→ **Task to complete**: Among the lines of the records, find all that carry the word "Sensor" and copy them.
___ Recorded information ___
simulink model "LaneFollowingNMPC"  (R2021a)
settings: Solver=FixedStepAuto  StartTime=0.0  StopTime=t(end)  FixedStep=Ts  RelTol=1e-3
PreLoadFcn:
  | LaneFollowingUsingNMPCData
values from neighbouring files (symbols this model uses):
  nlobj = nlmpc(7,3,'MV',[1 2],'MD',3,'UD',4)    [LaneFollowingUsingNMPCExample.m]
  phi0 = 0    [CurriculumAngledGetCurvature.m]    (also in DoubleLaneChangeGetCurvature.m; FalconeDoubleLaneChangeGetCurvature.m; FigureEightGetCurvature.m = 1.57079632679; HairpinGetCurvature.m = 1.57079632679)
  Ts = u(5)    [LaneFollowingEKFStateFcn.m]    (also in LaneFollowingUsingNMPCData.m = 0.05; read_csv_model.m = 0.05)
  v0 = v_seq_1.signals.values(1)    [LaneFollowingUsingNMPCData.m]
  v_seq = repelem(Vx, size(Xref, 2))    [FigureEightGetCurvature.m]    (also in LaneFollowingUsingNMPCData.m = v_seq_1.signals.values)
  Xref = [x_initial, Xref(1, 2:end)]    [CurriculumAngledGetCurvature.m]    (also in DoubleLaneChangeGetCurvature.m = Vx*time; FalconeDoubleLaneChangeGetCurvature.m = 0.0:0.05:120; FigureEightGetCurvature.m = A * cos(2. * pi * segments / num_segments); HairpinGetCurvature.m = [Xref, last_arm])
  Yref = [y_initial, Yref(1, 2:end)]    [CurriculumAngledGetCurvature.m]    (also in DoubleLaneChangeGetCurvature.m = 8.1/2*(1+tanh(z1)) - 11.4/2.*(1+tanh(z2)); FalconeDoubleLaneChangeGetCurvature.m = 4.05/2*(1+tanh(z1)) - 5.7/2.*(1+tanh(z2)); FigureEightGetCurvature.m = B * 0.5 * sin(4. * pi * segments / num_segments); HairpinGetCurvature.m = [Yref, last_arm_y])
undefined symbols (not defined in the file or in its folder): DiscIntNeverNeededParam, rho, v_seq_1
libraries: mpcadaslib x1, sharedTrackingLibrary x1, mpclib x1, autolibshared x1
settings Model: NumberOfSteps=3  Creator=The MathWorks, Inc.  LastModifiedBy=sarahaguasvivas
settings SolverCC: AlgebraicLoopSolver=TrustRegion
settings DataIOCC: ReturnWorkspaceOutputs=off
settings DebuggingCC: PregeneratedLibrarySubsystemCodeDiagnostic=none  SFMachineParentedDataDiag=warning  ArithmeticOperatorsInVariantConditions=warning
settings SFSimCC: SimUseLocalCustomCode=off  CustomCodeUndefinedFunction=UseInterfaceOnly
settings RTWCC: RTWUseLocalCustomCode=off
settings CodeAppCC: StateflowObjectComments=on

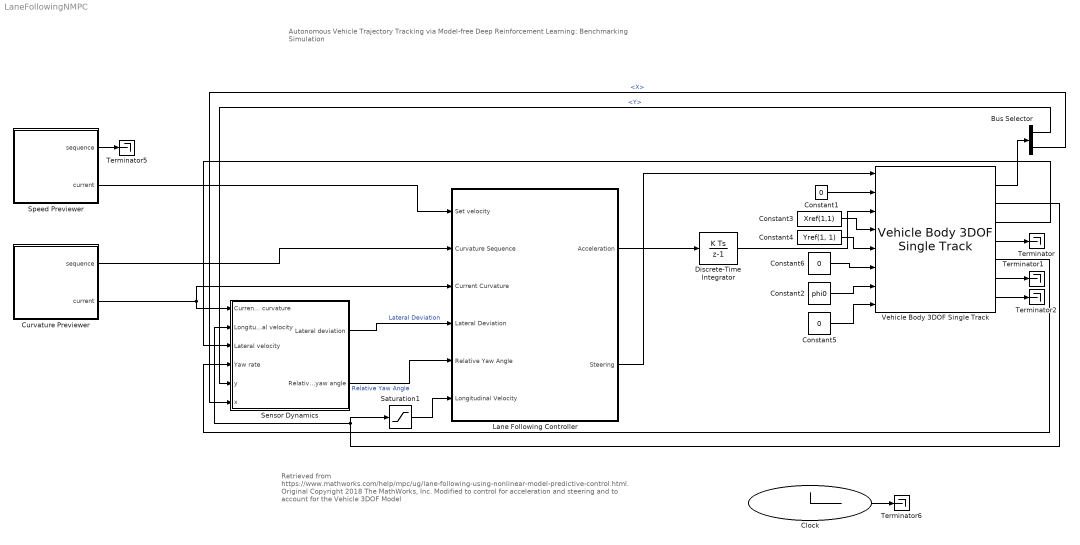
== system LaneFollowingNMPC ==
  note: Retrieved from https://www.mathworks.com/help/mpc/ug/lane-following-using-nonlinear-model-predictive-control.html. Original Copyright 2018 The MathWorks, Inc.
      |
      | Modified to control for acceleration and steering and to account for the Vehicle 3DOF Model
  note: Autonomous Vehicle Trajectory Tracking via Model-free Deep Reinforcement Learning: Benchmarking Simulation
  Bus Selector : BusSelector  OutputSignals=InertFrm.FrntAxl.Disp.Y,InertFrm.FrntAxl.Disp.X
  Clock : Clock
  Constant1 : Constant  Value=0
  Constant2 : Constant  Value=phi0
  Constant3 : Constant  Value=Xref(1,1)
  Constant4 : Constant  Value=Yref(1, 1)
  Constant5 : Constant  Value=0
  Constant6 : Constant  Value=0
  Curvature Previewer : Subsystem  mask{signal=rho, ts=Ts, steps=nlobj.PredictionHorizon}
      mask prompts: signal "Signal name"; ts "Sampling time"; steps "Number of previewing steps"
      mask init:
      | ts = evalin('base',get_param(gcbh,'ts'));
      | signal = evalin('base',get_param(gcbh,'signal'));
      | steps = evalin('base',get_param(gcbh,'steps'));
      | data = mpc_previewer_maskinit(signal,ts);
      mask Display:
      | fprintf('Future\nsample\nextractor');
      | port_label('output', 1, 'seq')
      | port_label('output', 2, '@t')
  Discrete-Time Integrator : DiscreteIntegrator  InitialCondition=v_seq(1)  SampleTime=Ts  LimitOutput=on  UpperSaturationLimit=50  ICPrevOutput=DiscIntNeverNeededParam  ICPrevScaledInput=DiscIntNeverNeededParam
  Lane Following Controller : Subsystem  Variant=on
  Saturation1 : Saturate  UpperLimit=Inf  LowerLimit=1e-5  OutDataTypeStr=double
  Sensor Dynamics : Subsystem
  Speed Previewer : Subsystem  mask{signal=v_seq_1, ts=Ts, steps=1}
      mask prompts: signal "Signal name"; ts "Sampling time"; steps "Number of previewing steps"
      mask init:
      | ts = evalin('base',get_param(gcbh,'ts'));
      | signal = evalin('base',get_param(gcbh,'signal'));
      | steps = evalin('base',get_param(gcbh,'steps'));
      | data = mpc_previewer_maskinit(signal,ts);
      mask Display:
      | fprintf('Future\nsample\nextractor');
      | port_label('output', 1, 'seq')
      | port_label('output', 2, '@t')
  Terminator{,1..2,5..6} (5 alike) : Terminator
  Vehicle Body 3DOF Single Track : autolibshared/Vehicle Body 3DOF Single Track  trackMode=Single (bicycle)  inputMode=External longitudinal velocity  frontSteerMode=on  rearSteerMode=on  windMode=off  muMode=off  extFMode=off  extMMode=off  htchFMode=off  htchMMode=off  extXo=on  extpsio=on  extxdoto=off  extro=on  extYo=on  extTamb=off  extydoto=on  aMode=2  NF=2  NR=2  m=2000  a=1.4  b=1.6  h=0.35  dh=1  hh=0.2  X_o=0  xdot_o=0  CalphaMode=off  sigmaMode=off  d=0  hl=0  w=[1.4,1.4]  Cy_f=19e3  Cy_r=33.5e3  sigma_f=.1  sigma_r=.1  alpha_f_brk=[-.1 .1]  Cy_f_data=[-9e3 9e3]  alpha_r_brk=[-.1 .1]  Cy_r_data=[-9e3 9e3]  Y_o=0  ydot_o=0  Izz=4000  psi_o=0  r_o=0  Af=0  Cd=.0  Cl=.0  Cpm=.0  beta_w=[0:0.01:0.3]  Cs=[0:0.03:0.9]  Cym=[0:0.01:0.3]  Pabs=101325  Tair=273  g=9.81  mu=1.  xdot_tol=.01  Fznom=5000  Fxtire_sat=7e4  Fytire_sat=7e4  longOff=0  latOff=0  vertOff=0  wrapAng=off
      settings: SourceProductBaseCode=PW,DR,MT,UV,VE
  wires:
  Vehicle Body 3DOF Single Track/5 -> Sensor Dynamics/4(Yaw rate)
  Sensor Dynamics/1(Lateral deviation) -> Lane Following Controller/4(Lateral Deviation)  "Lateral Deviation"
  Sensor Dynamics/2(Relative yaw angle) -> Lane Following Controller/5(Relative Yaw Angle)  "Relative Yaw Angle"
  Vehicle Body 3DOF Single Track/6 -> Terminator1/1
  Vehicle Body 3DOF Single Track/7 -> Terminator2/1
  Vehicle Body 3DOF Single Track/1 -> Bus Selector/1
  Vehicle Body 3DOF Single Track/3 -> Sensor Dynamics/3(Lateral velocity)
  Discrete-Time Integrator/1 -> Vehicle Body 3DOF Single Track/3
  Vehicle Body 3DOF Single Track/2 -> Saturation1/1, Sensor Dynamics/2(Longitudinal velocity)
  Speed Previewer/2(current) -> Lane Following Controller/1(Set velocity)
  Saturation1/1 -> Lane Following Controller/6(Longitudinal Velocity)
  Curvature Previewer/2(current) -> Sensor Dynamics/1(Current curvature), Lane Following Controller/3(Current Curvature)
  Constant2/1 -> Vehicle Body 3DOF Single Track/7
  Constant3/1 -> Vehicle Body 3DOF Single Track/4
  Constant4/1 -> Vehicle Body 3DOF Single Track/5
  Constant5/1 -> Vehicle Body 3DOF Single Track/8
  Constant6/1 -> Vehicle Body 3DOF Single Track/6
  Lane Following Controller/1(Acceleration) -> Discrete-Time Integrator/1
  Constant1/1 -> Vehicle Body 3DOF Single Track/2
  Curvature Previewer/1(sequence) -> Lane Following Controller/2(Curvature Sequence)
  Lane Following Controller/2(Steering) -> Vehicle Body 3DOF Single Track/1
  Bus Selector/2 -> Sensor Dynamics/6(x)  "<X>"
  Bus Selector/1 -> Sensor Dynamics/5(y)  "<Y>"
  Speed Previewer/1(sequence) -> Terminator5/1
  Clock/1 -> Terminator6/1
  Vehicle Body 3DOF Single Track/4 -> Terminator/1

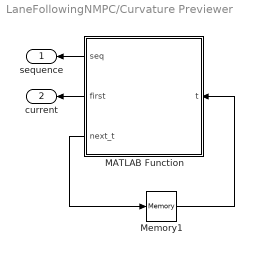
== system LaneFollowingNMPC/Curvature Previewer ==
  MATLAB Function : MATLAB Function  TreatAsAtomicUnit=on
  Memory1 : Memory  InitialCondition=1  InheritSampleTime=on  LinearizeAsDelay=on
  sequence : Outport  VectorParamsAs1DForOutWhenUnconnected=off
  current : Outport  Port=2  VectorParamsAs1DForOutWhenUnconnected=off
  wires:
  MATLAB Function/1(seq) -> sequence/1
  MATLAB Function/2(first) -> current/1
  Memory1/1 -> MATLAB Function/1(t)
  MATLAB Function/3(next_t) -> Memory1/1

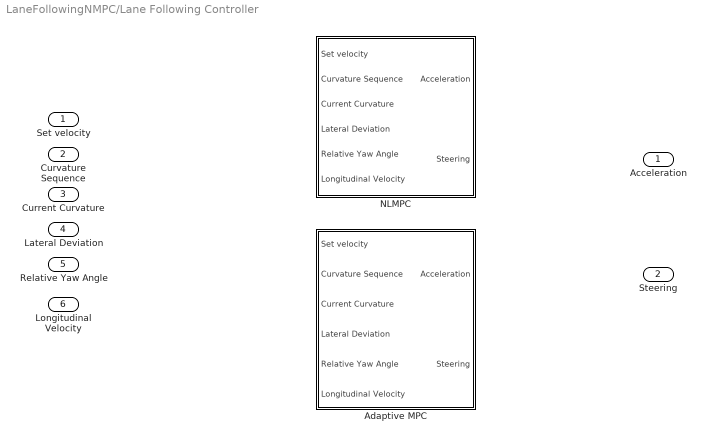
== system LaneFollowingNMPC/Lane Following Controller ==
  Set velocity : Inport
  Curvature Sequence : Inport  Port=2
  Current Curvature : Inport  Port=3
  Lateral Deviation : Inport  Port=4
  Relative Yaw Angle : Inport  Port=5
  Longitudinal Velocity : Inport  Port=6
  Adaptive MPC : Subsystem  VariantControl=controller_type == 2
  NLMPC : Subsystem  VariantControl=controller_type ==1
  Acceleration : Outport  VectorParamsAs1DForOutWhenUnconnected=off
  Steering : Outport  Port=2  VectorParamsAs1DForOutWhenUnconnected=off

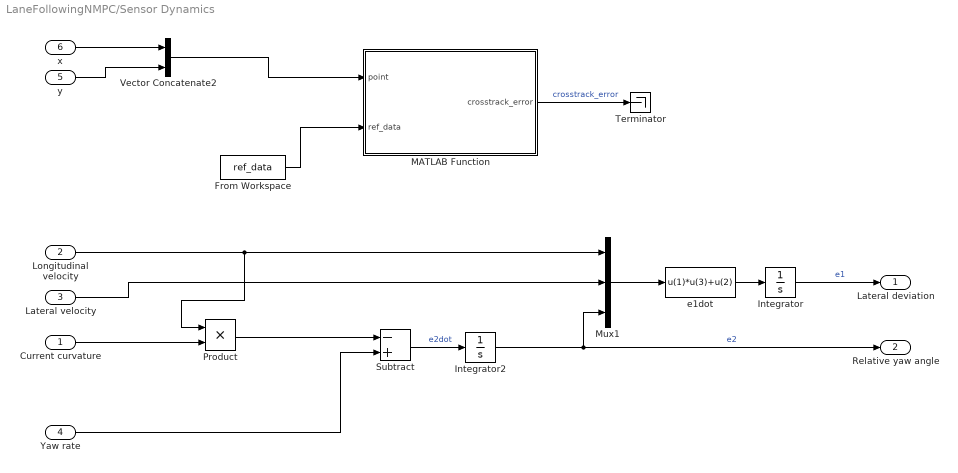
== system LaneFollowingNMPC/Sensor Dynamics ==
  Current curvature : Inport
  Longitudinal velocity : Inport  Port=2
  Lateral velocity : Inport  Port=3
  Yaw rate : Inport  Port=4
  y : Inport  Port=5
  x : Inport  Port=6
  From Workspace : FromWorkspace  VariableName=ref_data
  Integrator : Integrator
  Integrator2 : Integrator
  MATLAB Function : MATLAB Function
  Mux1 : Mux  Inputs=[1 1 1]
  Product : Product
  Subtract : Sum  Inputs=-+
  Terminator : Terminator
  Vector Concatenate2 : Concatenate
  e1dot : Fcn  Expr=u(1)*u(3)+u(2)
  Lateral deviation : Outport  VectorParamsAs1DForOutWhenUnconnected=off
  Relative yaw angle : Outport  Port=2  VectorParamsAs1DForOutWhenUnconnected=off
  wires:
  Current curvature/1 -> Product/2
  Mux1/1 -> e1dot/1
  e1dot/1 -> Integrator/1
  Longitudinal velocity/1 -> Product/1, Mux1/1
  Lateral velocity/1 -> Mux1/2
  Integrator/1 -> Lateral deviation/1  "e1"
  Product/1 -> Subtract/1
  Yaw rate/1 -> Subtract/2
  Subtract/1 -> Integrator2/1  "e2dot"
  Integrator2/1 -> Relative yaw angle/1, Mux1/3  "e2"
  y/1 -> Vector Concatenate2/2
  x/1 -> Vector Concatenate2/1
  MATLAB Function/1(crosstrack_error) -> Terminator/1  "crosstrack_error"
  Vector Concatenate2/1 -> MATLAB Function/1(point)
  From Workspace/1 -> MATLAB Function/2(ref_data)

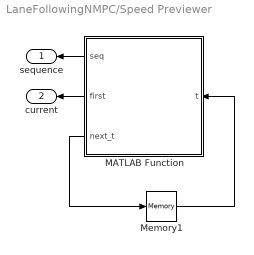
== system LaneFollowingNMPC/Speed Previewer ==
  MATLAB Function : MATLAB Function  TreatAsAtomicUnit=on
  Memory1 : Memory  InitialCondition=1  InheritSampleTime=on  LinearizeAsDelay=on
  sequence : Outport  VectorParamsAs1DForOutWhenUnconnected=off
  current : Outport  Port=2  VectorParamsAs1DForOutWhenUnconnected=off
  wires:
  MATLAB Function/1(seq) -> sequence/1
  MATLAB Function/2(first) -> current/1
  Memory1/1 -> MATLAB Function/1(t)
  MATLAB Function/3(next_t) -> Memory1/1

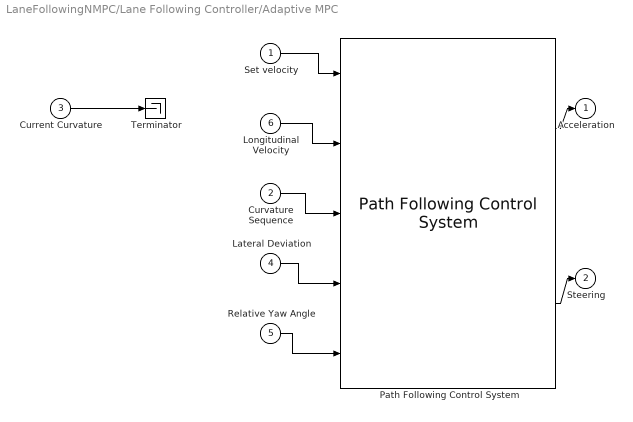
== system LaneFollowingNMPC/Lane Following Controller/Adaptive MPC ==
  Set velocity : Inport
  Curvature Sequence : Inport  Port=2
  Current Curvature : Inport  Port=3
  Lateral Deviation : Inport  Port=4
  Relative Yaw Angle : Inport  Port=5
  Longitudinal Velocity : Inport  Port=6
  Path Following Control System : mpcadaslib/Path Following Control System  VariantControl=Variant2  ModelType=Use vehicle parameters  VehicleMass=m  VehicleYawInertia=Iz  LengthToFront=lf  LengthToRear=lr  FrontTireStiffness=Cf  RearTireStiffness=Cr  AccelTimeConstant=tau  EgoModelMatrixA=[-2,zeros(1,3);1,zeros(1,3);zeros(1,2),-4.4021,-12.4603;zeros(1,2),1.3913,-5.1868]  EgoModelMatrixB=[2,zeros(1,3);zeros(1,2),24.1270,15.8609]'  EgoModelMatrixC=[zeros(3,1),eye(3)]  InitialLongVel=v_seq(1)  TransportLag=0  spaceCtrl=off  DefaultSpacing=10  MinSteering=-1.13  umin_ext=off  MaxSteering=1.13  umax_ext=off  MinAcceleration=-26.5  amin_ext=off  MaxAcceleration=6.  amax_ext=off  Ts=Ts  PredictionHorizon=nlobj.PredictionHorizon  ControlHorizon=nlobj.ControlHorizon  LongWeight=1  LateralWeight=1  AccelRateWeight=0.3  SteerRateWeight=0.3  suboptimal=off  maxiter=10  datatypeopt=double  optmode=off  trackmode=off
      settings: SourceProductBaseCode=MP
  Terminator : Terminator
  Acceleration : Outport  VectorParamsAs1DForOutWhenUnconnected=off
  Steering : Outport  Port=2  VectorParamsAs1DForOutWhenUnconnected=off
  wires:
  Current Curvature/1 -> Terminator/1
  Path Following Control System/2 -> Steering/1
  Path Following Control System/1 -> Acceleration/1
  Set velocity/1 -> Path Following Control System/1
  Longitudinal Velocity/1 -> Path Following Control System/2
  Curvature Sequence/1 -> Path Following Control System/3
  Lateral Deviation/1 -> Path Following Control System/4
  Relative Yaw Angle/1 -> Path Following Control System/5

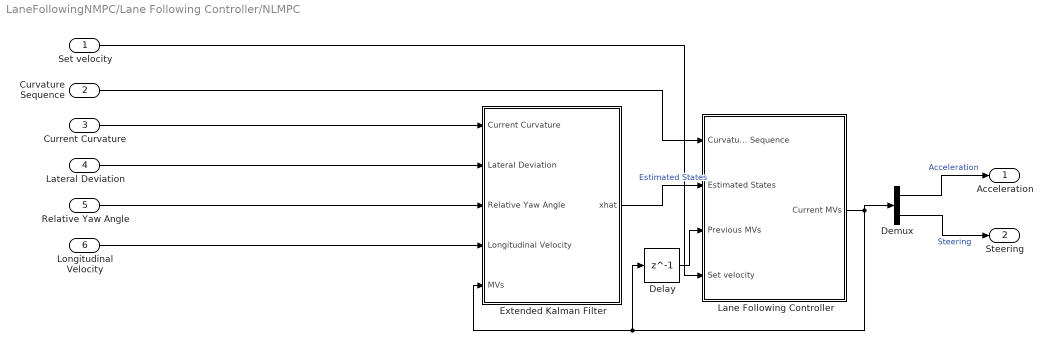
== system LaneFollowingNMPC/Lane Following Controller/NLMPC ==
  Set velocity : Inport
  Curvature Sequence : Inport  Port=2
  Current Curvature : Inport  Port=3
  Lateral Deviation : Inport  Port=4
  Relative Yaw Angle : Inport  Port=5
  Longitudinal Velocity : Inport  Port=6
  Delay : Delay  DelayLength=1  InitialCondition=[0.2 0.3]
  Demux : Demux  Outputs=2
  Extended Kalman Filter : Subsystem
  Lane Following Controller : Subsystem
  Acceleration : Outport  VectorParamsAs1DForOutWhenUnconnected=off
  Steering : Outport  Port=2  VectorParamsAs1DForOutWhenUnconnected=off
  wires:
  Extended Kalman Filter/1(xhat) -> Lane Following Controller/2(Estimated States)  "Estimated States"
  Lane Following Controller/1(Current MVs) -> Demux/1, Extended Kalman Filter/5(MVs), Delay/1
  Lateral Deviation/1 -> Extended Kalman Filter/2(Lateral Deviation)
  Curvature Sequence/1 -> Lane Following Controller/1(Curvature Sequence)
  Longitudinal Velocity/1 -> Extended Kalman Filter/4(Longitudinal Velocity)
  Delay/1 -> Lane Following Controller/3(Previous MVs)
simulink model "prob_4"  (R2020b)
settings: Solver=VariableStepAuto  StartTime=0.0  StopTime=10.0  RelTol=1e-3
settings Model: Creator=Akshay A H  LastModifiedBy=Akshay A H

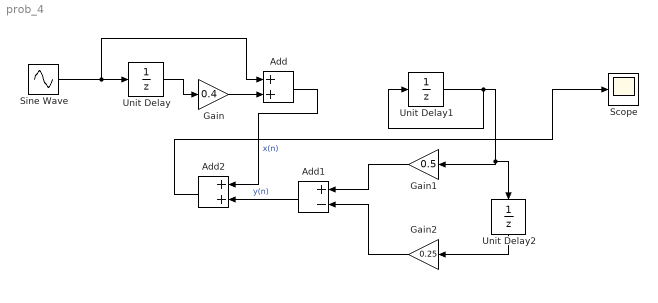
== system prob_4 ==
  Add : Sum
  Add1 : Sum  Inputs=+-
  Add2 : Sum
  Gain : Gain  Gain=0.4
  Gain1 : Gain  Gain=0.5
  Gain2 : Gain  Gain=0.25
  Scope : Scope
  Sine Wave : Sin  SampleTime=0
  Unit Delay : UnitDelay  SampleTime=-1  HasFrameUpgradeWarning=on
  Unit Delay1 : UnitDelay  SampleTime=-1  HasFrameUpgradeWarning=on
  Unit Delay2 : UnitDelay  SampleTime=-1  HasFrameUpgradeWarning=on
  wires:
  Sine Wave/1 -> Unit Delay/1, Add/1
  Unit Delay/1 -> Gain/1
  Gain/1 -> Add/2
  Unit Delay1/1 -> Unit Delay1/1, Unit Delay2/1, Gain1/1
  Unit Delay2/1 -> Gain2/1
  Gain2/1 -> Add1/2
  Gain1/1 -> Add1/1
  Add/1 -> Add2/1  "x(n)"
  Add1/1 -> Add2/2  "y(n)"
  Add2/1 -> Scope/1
___
→ **Answer to this task**:
  Sensor Dynamics : Subsystem
  Vehicle Body 3DOF Single Track/5 -> Sensor Dynamics/4(Yaw rate)
  Sensor Dynamics/1(Lateral deviation) -> Lane Following Controller/4(Lateral Deviation)  "Lateral Deviation"
  Sensor Dynamics/2(Relative yaw angle) -> Lane Following Controller/5(Relative Yaw Angle)  "Relative Yaw Angle"
  Vehicle Body 3DOF Single Track/3 -> Sensor Dynamics/3(Lateral velocity)
  Vehicle Body 3DOF Single Track/2 -> Saturation1/1, Sensor Dynamics/2(Longitudinal velocity)
  Curvature Previewer/2(current) -> Sensor Dynamics/1(Current curvature), Lane Following Controller/3(Current Curvature)
  Bus Selector/2 -> Sensor Dynamics/6(x)  "<X>"
  Bus Selector/1 -> Sensor Dynamics/5(y)  "<Y>"
== system LaneFollowingNMPC/Sensor Dynamics ==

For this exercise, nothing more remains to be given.